--- DATA UNDER STUDY Enclosed Below ---

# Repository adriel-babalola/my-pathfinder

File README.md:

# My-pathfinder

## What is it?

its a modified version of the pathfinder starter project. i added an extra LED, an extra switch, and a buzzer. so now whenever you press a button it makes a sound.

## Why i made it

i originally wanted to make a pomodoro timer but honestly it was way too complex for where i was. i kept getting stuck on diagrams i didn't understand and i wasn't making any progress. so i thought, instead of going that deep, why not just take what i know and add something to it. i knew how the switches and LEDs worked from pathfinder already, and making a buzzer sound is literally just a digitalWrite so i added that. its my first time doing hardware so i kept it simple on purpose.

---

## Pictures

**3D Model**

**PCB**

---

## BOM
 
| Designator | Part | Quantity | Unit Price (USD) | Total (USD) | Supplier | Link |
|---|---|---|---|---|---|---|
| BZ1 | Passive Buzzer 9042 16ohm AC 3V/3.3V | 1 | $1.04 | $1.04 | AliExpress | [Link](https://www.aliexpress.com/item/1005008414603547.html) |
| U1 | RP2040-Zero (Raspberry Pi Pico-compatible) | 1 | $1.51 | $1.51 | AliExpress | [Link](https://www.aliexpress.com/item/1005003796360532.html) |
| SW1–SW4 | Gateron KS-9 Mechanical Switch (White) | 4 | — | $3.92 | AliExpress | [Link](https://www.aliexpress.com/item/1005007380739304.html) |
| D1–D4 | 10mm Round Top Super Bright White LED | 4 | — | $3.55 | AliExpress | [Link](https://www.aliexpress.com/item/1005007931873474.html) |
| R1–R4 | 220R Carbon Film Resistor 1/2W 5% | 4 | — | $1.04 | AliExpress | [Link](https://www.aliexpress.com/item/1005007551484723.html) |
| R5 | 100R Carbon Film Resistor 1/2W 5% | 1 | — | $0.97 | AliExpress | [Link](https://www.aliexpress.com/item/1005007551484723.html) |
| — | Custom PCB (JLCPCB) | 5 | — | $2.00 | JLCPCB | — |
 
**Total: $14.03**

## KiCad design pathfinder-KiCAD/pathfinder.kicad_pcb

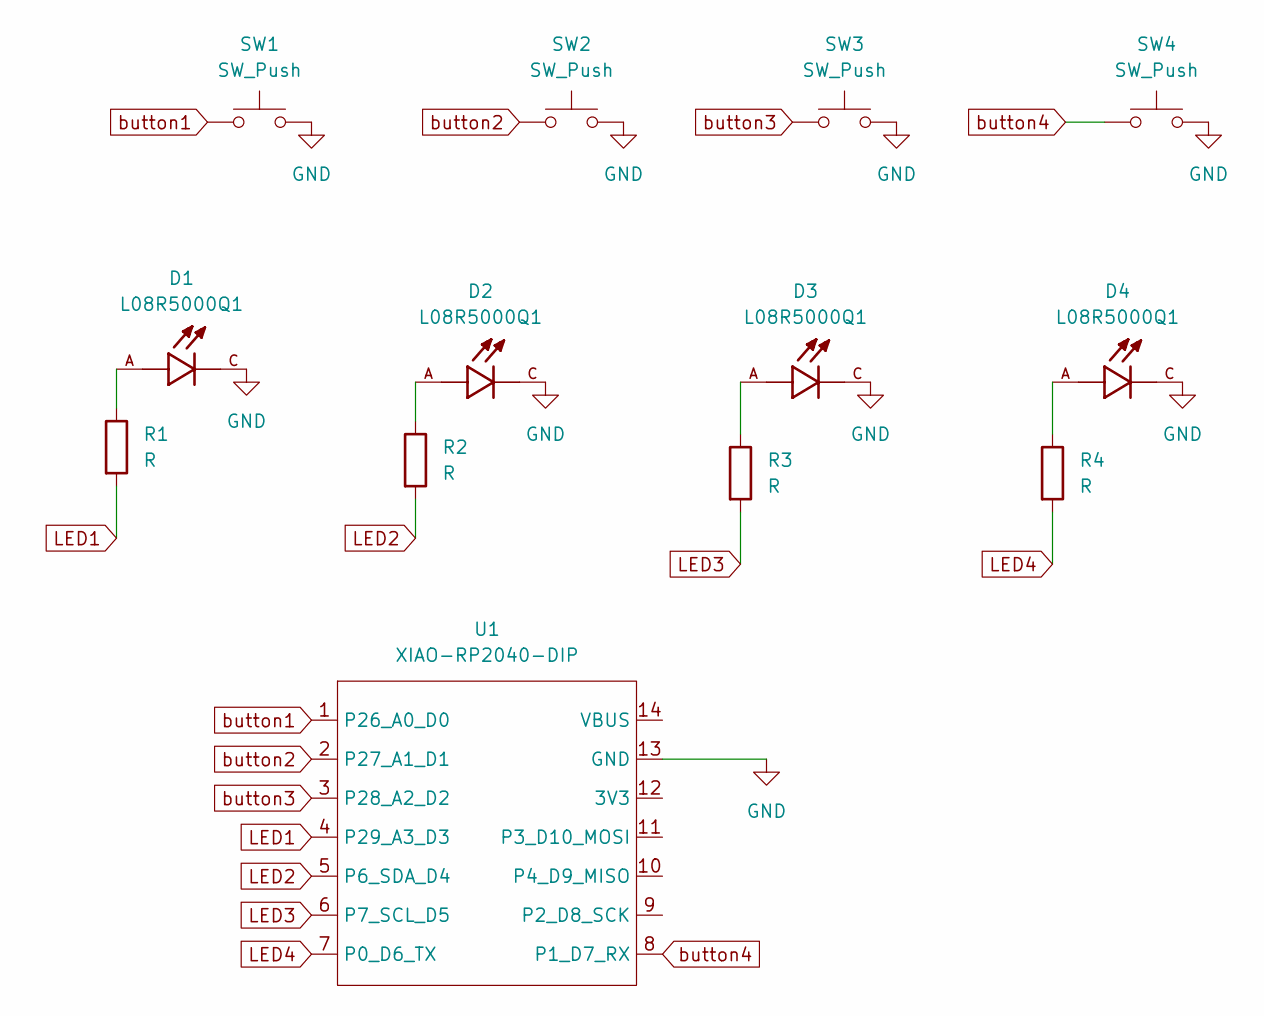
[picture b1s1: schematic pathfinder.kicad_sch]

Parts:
D1, D2, D3, D4: L08R5000Q1; LEDRD254W57D500H1070; PARTREV NA
R1, R2, R3, R4: R; R_Axial_DIN0204_L3.6mm_D1.6mm_P5.08mm_Horizontal
SW1, SW2, SW3, SW4: SW_Push; SW_Cherry_MX_1.00u_PCB
U1: XIAO-RP2040-DIP

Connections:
GND: D1.C, D2.C, D3.C, D4.C, SW1.2, SW2.2, SW3.2, SW4.2, U1.13 (GND)
LED1: R1.2, U1.4 (P29_A3_D3)
LED2: R2.2, U1.5 (P6_SDA_D4)
LED3: R3.2, U1.6 (P7_SCL_D5)
LED4: R4.2, U1.7 (P0_D6_TX)
unnamed: D1.A, R1.1
unnamed: D2.A, R2.1
unnamed: D3.A, R3.1
unnamed: D4.A, R4.1
button1: SW1.1, U1.1 (P26_A0_D0)
button2: SW2.1, U1.2 (P27_A1_D1)
button3: SW3.1, U1.3 (P28_A2_D2)
button4: SW4.1, U1.8 (P1_D7_RX)

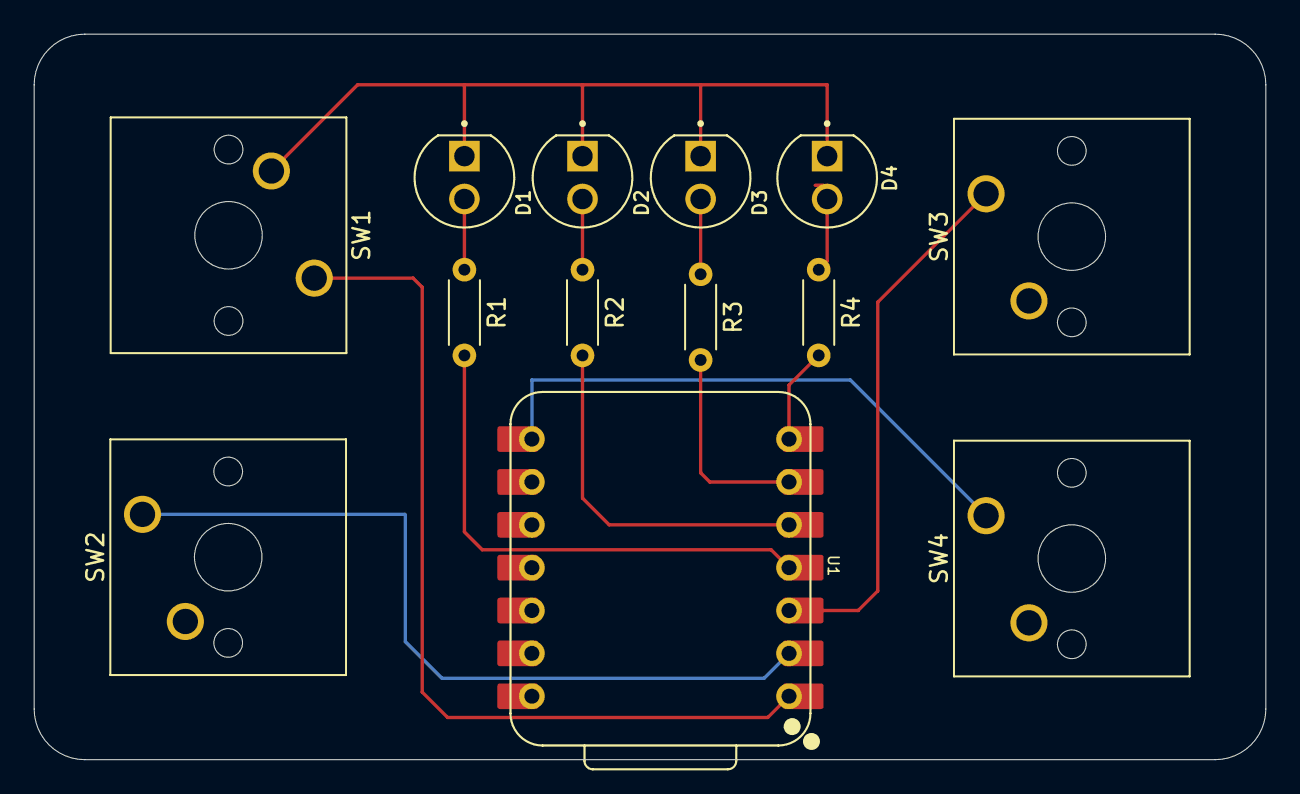
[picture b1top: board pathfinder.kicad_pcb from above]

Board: 2 copper layers, 73.0 x 43.0 mm, 13 parts (0 on the bottom side), 13 nets.

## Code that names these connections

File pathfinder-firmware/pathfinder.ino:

int BUT1 = D0;
int BUT2 = D1;
int BUT3 = D2;
int BUT4 = D7;

int LED1 = D3;
int LED2 = D4;
int LED3 = D5;
int LED4 = D6;

void setup() {
  pinMode(BUT1, INPUT_PULLUP);
  pinMode(BUT2, INPUT_PULLUP);
  pinMode(BUT3, INPUT_PULLUP);
  pinMode(BUT4, INPUT_PULLUP);


  pinMode(LED1, OUTPUT);
  pinMode(LED2, OUTPUT);
  pinMode(LED3, OUTPUT);
  pinMode(LED4, OUTPUT);

  long startTime = millis();
}

void loop() {
  long but1time;
  long but2time;
  long but3time;
  long but4time = 0;

  if (digitalRead(BUT1) == HIGH) {
    but1time = millis();
    digitalWrite(LED1, HIGH);
  } else {
    digitalWrite(LED1, LOW);
  }

  if (digitalRead(BUT2) == HIGH) {
    but2time = millis();
    digitalWrite(LED2, HIGH);
  } else {
    digitalWrite(LED2, LOW);
  }

  if (digitalRead(BUT3) == HIGH) {
    but3time = millis();
    digitalWrite(LED3, HIGH);
  } else {
    digitalWrite(LED3, LOW);
  }

  if (digitalRead(BUT4) == HIGH) {
    but4time = millis();
    digitalWrite(LED4, HIGH);
  } else {
    digitalWrite(LED4, LOW);
  }


  if (abs(but2time - but1time) <= 2000) {
    digitalWrite(LED2, HIGH);
  } else {
    digitalWrite(LED2, LOW);
  }

  if (digitalRead(BUT3) == HIGH) {
    but3time++;
  } else {
    but3time = 0 ;
  }

  if (but3time >= 800 ) {
    digitalWrite(LED3, HIGH);
  } else {
    digitalWrite(LED3, LOW);
  }
}

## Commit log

2026-04-10 just finished the starter porject
2026-04-10 polished folder structure
2026-04-11 forgot to include pcb in BOM
2026-04-11 Add images for 3D model and PCB layout
    Added images for the 3D model and PCB layout in README.

--- End of Enclosed DATA UNDER STUDY ---

_WHAT THIS TASK INVOLVES_. Write out each entry exactly; any pictures stay out of the copy.

_RESULT_.
# Repository adriel-babalola/my-pathfinder

File README.md:

# My-pathfinder

## What is it?

its a modified version of the pathfinder starter project. i added an extra LED, an extra switch, and a buzzer. so now whenever you press a button it makes a sound.

## Why i made it

i originally wanted to make a pomodoro timer but honestly it was way too complex for where i was. i kept getting stuck on diagrams i didn't understand and i wasn't making any progress. so i thought, instead of going that deep, why not just take what i know and add something to it. i knew how the switches and LEDs worked from pathfinder already, and making a buzzer sound is literally just a digitalWrite so i added that. its my first time doing hardware so i kept it simple on purpose.

---

## Pictures

**3D Model**

**PCB**

---

## BOM
 
| Designator | Part | Quantity | Unit Price (USD) | Total (USD) | Supplier | Link |
|---|---|---|---|---|---|---|
| BZ1 | Passive Buzzer 9042 16ohm AC 3V/3.3V | 1 | $1.04 | $1.04 | AliExpress | [Link](https://www.aliexpress.com/item/1005008414603547.html) |
| U1 | RP2040-Zero (Raspberry Pi Pico-compatible) | 1 | $1.51 | $1.51 | AliExpress | [Link](https://www.aliexpress.com/item/1005003796360532.html) |
| SW1–SW4 | Gateron KS-9 Mechanical Switch (White) | 4 | — | $3.92 | AliExpress | [Link](https://www.aliexpress.com/item/1005007380739304.html) |
| D1–D4 | 10mm Round Top Super Bright White LED | 4 | — | $3.55 | AliExpress | [Link](https://www.aliexpress.com/item/1005007931873474.html) |
| R1–R4 | 220R Carbon Film Resistor 1/2W 5% | 4 | — | $1.04 | AliExpress | [Link](https://www.aliexpress.com/item/1005007551484723.html) |
| R5 | 100R Carbon Film Resistor 1/2W 5% | 1 | — | $0.97 | AliExpress | [Link](https://www.aliexpress.com/item/1005007551484723.html) |
| — | Custom PCB (JLCPCB) | 5 | — | $2.00 | JLCPCB | — |
 
**Total: $14.03**

## KiCad design pathfinder-KiCAD/pathfinder.kicad_pcb

[picture b1s1: schematic pathfinder.kicad_sch]

Parts:
D1, D2, D3, D4: L08R5000Q1; LEDRD254W57D500H1070; PARTREV NA
R1, R2, R3, R4: R; R_Axial_DIN0204_L3.6mm_D1.6mm_P5.08mm_Horizontal
SW1, SW2, SW3, SW4: SW_Push; SW_Cherry_MX_1.00u_PCB
U1: XIAO-RP2040-DIP

Connections:
GND: D1.C, D2.C, D3.C, D4.C, SW1.2, SW2.2, SW3.2, SW4.2, U1.13 (GND)
LED1: R1.2, U1.4 (P29_A3_D3)
LED2: R2.2, U1.5 (P6_SDA_D4)
LED3: R3.2, U1.6 (P7_SCL_D5)
LED4: R4.2, U1.7 (P0_D6_TX)
unnamed: D1.A, R1.1
unnamed: D2.A, R2.1
unnamed: D3.A, R3.1
unnamed: D4.A, R4.1
button1: SW1.1, U1.1 (P26_A0_D0)
button2: SW2.1, U1.2 (P27_A1_D1)
button3: SW3.1, U1.3 (P28_A2_D2)
button4: SW4.1, U1.8 (P1_D7_RX)

[picture b1top: board pathfinder.kicad_pcb from above]

Board: 2 copper layers, 73.0 x 43.0 mm, 13 parts (0 on the bottom side), 13 nets.

## Code that names these connections

File pathfinder-firmware/pathfinder.ino:

int BUT1 = D0;
int BUT2 = D1;
int BUT3 = D2;
int BUT4 = D7;

int LED1 = D3;
int LED2 = D4;
int LED3 = D5;
int LED4 = D6;

void setup() {
  pinMode(BUT1, INPUT_PULLUP);
  pinMode(BUT2, INPUT_PULLUP);
  pinMode(BUT3, INPUT_PULLUP);
  pinMode(BUT4, INPUT_PULLUP);


  pinMode(LED1, OUTPUT);
  pinMode(LED2, OUTPUT);
  pinMode(LED3, OUTPUT);
  pinMode(LED4, OUTPUT);

  long startTime = millis();
}

void loop() {
  long but1time;
  long but2time;
  long but3time;
  long but4time = 0;

  if (digitalRead(BUT1) == HIGH) {
    but1time = millis();
    digitalWrite(LED1, HIGH);
  } else {
    digitalWrite(LED1, LOW);
  }

  if (digitalRead(BUT2) == HIGH) {
    but2time = millis();
    digitalWrite(LED2, HIGH);
  } else {
    digitalWrite(LED2, LOW);
  }

  if (digitalRead(BUT3) == HIGH) {
    but3time = millis();
    digitalWrite(LED3, HIGH);
  } else {
    digitalWrite(LED3, LOW);
  }

  if (digitalRead(BUT4) == HIGH) {
    but4time = millis();
    digitalWrite(LED4, HIGH);
  } else {
    digitalWrite(LED4, LOW);
  }


  if (abs(but2time - but1time) <= 2000) {
    digitalWrite(LED2, HIGH);
  } else {
    digitalWrite(LED2, LOW);
  }

  if (digitalRead(BUT3) == HIGH) {
    but3time++;
  } else {
    but3time = 0 ;
  }

  if (but3time >= 800 ) {
    digitalWrite(LED3, HIGH);
  } else {
    digitalWrite(LED3, LOW);
  }
}

## Commit log

2026-04-10 just finished the starter porject
2026-04-10 polished folder structure
2026-04-11 forgot to include pcb in BOM
2026-04-11 Add images for 3D model and PCB layout
    Added images for the 3D model and PCB layout in README.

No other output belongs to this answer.